Best Practices for Virtualizing Microsoft Exchange 2010

  • Supported Exchange Virtualization Scenarios
    • Exchange 2010 SP1 or later
    • Hyper-V or any hypervisor in the Server Virtualization Validation Program (SVVP) – link provided below.
  • Items Not Supported when Virtualizing Exchange
    • Hypervisor snapshots
    • Differencing / Delta disks
    • CPU oversubscription in a ratio > 2:1
    • Applications running on the parent / root partition
    • VSS backups of VMs from root
    • NAS storage of virtual disk files
  • JetStress Support in Virtualized Environments
    • Supported in VMs on Microsoft Windows Server 2008 R2 or later
    • Supported in VMs on Microsoft Hyper-V Server 2008 R2 or later
    • Supported in VMs on VMware ESX 4.1 or later
    • More Info –
  • Big Problems to Avoid for Production Exchange VMs
    • Dynamic Memory / Memory Overcommit
    • VM Snapshots
    • CPU Oversubscription
  • Overview of Best Practices
    • Hypervisor adds CPU overhead – 10-12% in our Exchange 2010 tests
    • Size for physical and provide those resources to each VM
    • Exchange is architected for scale-out scenarios, avoid “all eggs in one basket”
  • Resource Sizing
    • Start with physical sizing process – use calculator (listed below)
    • Account for virtualization overhead (10-12%)
    • Determine VM placement to account for HA
    • Size root servers, storage and network infrastructure
  • Guest VM sizing
    • Size Mailbox role first – other role sizes factored from Mailbox server requirements
    • Considerations for use of Multi-role servers – Mailbox, Hub and CAS roles on single VM
  • Unified Messaging Sizing
    • Min 4 Virtual Processors (VP)
    • VM with 4VP & 16GB memory can handle 40 concurrent calls with Voice Mail Preview (65 calls without)
  • Storage Decisions
    • Exchange storage separate from Guest OS virtual disk physical storage
    • Must be fixed virtual disk, SCSI pass-through (RDM) or iSCSI (terminated at host or guest)

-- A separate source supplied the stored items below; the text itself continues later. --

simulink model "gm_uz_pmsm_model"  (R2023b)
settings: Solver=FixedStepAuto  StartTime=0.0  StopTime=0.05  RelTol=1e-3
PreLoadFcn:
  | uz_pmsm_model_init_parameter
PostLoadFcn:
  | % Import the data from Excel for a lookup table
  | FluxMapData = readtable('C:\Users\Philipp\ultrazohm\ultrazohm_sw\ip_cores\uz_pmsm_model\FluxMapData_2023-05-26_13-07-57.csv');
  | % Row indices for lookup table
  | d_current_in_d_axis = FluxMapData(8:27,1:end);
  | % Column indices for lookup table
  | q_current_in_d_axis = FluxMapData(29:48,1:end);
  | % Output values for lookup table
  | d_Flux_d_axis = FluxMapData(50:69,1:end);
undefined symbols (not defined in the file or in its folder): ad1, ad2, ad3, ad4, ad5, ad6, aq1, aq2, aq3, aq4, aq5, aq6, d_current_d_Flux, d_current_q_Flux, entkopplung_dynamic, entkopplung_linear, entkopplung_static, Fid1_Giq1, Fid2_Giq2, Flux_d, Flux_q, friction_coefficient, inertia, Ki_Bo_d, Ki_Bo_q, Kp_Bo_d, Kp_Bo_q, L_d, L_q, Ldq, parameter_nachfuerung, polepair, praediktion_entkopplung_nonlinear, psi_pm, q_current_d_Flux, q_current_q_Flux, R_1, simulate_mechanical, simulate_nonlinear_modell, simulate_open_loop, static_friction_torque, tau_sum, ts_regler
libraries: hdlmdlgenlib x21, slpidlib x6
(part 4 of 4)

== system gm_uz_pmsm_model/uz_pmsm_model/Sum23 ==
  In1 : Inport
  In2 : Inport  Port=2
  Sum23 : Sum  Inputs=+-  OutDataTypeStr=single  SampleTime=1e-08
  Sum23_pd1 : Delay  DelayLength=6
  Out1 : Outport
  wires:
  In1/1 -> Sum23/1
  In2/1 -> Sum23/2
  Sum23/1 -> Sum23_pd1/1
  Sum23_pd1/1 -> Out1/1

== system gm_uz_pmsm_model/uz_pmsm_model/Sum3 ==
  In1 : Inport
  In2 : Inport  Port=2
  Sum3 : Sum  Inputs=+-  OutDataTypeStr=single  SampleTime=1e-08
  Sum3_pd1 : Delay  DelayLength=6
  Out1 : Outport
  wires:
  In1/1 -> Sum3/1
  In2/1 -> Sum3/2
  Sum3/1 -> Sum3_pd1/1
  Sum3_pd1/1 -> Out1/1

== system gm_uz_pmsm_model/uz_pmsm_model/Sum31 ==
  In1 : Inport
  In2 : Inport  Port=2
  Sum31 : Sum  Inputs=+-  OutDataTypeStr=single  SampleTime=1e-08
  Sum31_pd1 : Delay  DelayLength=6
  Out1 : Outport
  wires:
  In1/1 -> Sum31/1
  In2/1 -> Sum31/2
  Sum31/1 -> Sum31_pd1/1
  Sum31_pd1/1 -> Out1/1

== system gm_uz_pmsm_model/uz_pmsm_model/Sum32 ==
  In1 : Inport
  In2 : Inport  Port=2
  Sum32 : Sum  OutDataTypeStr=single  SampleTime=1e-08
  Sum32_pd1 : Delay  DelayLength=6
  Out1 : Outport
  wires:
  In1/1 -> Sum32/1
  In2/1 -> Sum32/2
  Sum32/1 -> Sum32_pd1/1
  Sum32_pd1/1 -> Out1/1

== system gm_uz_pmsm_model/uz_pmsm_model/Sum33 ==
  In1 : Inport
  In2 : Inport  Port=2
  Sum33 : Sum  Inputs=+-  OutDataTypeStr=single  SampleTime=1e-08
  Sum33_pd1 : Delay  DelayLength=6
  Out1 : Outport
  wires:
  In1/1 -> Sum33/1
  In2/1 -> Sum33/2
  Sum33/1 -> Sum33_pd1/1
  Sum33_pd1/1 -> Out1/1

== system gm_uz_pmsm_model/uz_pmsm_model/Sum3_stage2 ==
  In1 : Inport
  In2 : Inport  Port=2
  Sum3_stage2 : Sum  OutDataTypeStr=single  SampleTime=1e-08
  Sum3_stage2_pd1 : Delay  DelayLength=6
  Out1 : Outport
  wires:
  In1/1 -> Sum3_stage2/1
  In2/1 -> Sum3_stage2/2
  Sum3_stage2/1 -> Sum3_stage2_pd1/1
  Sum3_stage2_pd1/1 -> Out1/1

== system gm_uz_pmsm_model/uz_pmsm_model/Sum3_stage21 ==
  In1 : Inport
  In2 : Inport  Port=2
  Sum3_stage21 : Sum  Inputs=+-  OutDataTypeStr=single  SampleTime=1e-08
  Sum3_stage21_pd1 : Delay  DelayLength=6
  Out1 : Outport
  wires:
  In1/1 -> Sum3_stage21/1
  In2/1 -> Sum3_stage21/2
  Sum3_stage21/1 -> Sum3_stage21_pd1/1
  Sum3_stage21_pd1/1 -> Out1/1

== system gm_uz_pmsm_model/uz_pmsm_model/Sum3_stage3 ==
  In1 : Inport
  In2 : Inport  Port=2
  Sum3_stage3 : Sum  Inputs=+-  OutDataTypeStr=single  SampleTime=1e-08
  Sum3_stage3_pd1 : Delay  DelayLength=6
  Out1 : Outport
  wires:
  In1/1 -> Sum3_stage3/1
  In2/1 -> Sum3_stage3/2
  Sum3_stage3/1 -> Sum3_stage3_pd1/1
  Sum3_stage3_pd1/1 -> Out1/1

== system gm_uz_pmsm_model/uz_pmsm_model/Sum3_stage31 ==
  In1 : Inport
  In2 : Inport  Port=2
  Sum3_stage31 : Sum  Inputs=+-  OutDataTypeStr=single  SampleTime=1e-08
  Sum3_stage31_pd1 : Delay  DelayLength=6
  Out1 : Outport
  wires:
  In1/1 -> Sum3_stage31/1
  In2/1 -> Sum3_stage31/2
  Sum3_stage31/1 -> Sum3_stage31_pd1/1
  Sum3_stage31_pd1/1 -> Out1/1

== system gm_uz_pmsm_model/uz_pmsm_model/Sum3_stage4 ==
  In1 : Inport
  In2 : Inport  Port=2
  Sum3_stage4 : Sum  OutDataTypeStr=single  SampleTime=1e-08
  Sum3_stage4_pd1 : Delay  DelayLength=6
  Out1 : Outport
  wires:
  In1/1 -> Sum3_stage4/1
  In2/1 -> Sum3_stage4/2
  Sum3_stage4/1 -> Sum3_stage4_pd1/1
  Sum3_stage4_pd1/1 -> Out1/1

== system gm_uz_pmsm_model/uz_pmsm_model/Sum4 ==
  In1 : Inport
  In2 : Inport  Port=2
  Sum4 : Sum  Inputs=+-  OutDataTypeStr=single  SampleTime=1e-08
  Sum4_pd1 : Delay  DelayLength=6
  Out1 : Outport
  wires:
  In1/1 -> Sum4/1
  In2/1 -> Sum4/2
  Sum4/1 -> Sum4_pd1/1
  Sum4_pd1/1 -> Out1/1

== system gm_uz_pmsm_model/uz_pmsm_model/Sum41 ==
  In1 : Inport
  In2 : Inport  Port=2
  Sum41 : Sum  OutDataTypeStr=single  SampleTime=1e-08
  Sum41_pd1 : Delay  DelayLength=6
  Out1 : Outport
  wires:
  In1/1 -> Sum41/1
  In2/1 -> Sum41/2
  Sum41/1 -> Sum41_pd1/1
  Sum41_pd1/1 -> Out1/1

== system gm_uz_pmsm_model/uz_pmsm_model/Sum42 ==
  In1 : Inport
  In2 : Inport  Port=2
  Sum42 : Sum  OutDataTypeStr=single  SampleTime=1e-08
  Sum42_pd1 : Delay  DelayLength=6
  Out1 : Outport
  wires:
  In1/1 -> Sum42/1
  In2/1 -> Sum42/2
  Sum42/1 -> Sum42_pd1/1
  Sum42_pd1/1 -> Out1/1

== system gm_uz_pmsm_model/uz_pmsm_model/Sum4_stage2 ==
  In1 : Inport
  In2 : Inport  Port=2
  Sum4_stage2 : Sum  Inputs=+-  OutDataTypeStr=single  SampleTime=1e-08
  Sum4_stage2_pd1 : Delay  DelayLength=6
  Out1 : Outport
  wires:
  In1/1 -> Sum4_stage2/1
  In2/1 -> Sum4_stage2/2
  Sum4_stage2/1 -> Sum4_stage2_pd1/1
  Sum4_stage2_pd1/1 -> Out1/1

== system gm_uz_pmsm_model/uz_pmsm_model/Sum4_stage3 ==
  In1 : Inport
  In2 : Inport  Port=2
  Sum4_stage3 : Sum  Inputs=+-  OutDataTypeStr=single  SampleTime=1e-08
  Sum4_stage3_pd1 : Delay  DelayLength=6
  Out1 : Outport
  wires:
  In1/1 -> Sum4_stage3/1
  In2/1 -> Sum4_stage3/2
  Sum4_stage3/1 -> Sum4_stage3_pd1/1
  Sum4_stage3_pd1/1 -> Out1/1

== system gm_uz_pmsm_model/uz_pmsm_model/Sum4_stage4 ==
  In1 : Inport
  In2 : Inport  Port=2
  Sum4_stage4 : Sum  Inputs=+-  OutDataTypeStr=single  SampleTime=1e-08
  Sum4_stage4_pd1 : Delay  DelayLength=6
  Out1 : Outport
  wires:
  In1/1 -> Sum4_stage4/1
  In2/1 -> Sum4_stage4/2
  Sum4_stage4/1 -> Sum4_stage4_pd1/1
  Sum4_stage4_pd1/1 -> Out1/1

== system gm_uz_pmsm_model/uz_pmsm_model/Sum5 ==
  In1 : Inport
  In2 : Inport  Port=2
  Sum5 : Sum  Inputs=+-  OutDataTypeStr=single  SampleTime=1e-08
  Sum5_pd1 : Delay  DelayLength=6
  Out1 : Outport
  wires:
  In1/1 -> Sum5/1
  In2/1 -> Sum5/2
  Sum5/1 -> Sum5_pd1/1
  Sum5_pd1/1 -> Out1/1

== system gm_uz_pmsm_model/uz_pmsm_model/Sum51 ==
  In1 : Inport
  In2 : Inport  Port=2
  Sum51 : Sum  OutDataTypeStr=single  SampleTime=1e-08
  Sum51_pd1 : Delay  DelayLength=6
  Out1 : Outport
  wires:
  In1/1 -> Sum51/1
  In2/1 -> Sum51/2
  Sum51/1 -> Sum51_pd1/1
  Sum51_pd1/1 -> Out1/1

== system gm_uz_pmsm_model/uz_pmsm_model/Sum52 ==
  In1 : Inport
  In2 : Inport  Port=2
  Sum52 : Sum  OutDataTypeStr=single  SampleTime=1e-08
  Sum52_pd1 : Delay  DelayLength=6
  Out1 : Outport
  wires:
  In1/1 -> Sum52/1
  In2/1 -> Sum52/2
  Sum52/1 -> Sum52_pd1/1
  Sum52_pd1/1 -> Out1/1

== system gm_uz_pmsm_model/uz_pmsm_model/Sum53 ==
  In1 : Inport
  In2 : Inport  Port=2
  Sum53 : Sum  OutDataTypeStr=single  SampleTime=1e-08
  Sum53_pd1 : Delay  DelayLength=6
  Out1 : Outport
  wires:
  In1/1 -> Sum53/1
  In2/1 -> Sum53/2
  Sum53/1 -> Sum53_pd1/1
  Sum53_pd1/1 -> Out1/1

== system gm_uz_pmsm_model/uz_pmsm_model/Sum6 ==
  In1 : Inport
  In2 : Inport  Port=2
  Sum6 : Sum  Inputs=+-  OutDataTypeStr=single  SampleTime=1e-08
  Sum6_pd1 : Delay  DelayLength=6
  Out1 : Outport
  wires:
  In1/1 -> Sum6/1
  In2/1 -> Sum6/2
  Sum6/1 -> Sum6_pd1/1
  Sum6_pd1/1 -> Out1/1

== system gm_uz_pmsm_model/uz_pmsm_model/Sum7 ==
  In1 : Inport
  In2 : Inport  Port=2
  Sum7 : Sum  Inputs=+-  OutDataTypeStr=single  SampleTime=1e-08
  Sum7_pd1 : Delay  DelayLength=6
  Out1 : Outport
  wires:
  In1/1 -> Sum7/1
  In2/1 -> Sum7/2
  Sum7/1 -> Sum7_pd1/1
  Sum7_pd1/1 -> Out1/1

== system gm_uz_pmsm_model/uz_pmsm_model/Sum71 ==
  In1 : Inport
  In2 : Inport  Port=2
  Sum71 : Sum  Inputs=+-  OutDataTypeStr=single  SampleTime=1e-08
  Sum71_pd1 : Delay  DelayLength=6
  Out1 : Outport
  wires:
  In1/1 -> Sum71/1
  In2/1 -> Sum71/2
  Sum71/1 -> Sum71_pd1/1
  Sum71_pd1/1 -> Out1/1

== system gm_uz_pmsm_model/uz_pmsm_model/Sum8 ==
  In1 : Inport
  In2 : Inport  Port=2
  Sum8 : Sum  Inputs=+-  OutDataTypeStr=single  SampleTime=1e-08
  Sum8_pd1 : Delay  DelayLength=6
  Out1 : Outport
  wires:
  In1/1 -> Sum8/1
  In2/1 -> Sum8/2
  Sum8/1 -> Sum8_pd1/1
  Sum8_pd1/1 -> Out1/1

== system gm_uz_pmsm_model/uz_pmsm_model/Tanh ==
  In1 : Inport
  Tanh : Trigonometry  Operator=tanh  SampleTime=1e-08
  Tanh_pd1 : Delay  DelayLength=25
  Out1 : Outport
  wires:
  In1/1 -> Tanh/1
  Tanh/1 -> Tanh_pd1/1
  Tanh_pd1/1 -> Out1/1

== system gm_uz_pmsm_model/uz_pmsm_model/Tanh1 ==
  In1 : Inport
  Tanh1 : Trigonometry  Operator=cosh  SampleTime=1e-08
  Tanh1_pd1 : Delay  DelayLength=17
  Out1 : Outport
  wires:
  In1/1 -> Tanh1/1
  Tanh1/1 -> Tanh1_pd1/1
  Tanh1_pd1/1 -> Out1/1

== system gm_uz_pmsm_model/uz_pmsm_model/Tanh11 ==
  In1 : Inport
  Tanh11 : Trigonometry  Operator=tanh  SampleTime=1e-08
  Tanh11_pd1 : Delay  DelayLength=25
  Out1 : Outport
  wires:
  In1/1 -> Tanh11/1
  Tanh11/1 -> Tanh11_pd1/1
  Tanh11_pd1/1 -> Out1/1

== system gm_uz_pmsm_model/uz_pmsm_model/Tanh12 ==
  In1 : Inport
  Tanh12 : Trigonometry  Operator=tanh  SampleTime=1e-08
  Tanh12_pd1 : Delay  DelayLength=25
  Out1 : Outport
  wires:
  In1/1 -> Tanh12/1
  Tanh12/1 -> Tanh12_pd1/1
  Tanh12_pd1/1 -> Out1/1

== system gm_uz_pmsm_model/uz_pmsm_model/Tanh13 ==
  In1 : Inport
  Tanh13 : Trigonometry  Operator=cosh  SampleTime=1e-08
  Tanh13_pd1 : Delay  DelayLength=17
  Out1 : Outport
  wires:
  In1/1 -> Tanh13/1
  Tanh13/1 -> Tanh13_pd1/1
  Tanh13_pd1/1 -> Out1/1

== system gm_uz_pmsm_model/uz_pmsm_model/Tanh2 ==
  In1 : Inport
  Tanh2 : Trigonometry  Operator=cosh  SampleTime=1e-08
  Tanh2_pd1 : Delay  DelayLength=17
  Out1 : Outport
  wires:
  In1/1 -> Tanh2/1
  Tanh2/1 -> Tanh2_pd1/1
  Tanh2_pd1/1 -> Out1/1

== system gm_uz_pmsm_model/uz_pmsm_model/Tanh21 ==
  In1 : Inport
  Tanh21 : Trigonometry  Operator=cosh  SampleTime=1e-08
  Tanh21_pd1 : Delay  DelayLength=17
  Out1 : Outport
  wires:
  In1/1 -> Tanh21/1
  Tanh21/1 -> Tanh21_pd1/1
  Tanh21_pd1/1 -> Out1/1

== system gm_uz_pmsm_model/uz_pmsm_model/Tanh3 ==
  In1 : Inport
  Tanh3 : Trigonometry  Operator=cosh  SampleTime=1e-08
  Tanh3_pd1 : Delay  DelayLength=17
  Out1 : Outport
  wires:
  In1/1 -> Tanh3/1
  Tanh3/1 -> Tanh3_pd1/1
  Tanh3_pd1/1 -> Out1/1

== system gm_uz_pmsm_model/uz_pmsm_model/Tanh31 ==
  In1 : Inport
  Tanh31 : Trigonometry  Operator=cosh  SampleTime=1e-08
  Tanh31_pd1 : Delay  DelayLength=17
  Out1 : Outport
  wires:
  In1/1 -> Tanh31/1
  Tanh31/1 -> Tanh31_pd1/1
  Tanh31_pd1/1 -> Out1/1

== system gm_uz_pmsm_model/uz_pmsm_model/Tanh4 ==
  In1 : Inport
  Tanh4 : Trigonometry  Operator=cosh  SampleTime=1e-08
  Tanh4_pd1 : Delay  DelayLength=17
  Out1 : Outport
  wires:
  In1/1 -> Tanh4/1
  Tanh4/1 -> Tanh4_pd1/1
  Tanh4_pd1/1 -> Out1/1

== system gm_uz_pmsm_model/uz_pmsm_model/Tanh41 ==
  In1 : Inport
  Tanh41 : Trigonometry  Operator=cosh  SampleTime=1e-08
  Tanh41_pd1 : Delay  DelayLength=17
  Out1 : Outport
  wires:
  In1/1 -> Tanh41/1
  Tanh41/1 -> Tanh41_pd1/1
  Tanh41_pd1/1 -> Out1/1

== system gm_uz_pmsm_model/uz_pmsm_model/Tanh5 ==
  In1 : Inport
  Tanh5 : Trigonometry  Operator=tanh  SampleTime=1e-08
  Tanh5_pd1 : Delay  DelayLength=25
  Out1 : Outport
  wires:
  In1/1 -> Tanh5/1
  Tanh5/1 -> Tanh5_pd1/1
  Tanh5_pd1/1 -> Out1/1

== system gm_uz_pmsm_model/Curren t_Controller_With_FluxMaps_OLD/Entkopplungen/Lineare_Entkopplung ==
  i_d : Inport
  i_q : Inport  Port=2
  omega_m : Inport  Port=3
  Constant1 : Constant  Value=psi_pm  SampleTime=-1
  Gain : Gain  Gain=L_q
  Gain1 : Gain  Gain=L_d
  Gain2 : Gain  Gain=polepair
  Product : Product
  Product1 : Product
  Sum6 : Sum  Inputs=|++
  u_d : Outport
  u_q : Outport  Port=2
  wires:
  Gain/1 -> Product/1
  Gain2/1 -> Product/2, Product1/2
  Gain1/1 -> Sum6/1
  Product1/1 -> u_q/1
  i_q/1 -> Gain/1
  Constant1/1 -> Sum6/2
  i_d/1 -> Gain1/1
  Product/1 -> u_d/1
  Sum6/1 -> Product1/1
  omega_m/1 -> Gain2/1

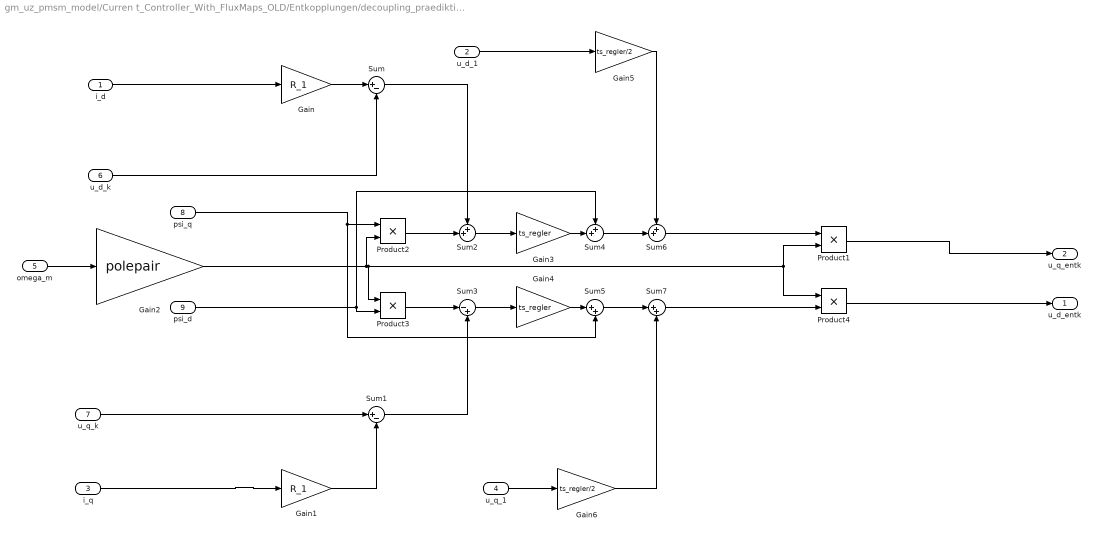
== system gm_uz_pmsm_model/Curren t_Controller_With_FluxMaps_OLD/Entkopplungen/decoupling_praediktion ==
  i_d : Inport
  u_d_1 : Inport  Port=2
  i_q : Inport  Port=3
  u_q_1 : Inport  Port=4
  omega_m : Inport  Port=5
  u_d_k : Inport  Port=6
  u_q_k : Inport  Port=7
  psi_q : Inport  Port=8
  psi_d : Inport  Port=9
  Gain : Gain  Gain=R_1
  Gain1 : Gain  Gain=R_1
  Gain2 : Gain  Gain=polepair
  Gain3 : Gain  Gain=ts_regler
  Gain4 : Gain  Gain=ts_regler
  Gain5 : Gain  Gain=ts_regler/2
  Gain6 : Gain  Gain=ts_regler/2
  Product{1..4} (4 alike) : Product
  Sum : Sum  Inputs=|+-
  Sum1 : Sum  Inputs=|+-
  Sum2 : Sum  Inputs=++|
  Sum3 : Sum  Inputs=|-+
  Sum4 : Sum  Inputs=++|
  Sum5 : Sum  Inputs=|++
  Sum6 : Sum  Inputs=++|
  Sum7 : Sum  Inputs=|++
  u_d_entk : Outport
  u_q_entk : Outport  Port=2
  wires:
  Product4/1 -> u_d_entk/1
  Product1/1 -> u_q_entk/1
  i_q/1 -> Gain1/1
  i_d/1 -> Gain/1
  omega_m/1 -> Gain2/1
  Sum7/1 -> Product4/2
  Sum6/1 -> Product1/1
  Gain6/1 -> Sum7/2
  Sum5/1 -> Sum7/1
  Gain5/1 -> Sum6/1
  u_q_1/1 -> Gain6/1
  Sum4/1 -> Sum6/2
  u_d_1/1 -> Gain5/1
  Gain4/1 -> Sum5/1
  Gain3/1 -> Sum4/2
  Sum2/1 -> Gain3/1
  Sum3/1 -> Gain4/1
  Sum1/1 -> Sum3/2
  Sum/1 -> Sum2/1
  Product2/1 -> Sum2/2
  Product3/1 -> Sum3/1
  Gain1/1 -> Sum1/2
  u_q_k/1 -> Sum1/1
  Gain/1 -> Sum/1
  u_d_k/1 -> Sum/2
  Gain2/1 -> Product2/2, Product3/1, Product4/1, Product1/2
  psi_d/1 -> Sum4/1, Product3/2
  psi_q/1 -> Product2/1, Sum5/2

== system gm_uz_pmsm_model/Curren t_Controller_With_FluxMaps_OLD/Entkopplungen/dynamic_nonlinear_entkopplung1 ==
  i_d : Inport
  i_q : Inport  Port=2
  psi_d : Inport  Port=3
  psi_q : Inport  Port=4
  Ldq_LUT : Inport  Port=5
  Lqd_LUT : Inport  Port=6
  omega_m : Inport  Port=7
  Gain2 : Gain  Gain=polepair
  Product{,1..3} (4 alike) : Product
  Sum1 : Sum  Inputs=++|
  Sum6 : Sum  Inputs=++|
  u_d : Outport
  u_q : Outport  Port=2
  wires:
  Product2/1 -> Sum1/1
  Product3/1 -> Sum6/1
  Lqd_LUT/1 -> Product3/2
  i_q/1 -> Product3/1
  Sum1/1 -> u_d/1
  Product/1 -> Sum1/2
  Product1/1 -> Sum6/2
  Sum6/1 -> u_q/1
  Ldq_LUT/1 -> Product2/2
  i_d/1 -> Product2/1
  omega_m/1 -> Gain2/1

    • SCSI pass-through (RDM) recommended to host queues, DBs and logfile streams unless using Hyper-V Live Migration where CSV is recommended
    • Must be block-level storage – NAS volumes not supported
  • Virtual Processors
    • Prefer smaller number of multi-core VMs vs many single-core VMs
    • Don’t assume that a hyperthreaded (SMT) CPU is a full CPU core
  • Private Cloud
    • Good model for providing virtual infrastructure resources  to Exchange, but be careful with “dynamic” cloud capabilities
    • Be prepared to apply different resource management policies to Exchange VMs
  • Host-based Failover Clustering
    • Not an “Exchange Aware” HA Solution – Does not provide HA in the event of storage failure / data corruption
    • If using, combine with DAG when possible to provide maximum HA – Admin can re-balance DAG after failover to redistribute
  • VM Live Migration and Exchange
    • DAG does not need to be dynamically re-balanced
    • Use CSV rather than pass-through LUNS for all Mailbox VM storage
    • Consider relaxing cluster heartbeat timeouts (5 seconds = default, 30 seconds = max recommended)
    • Size network appropriately for Live Migration
  • VM Placement
    • Don’t co-locate DAG database copies on same physical hosts
    • Distribute VMs running same roles to different physical hosts
    • If not using multi-role VM’s, consider isolating mailbox and hub role VMs on separate physical hosts if possible.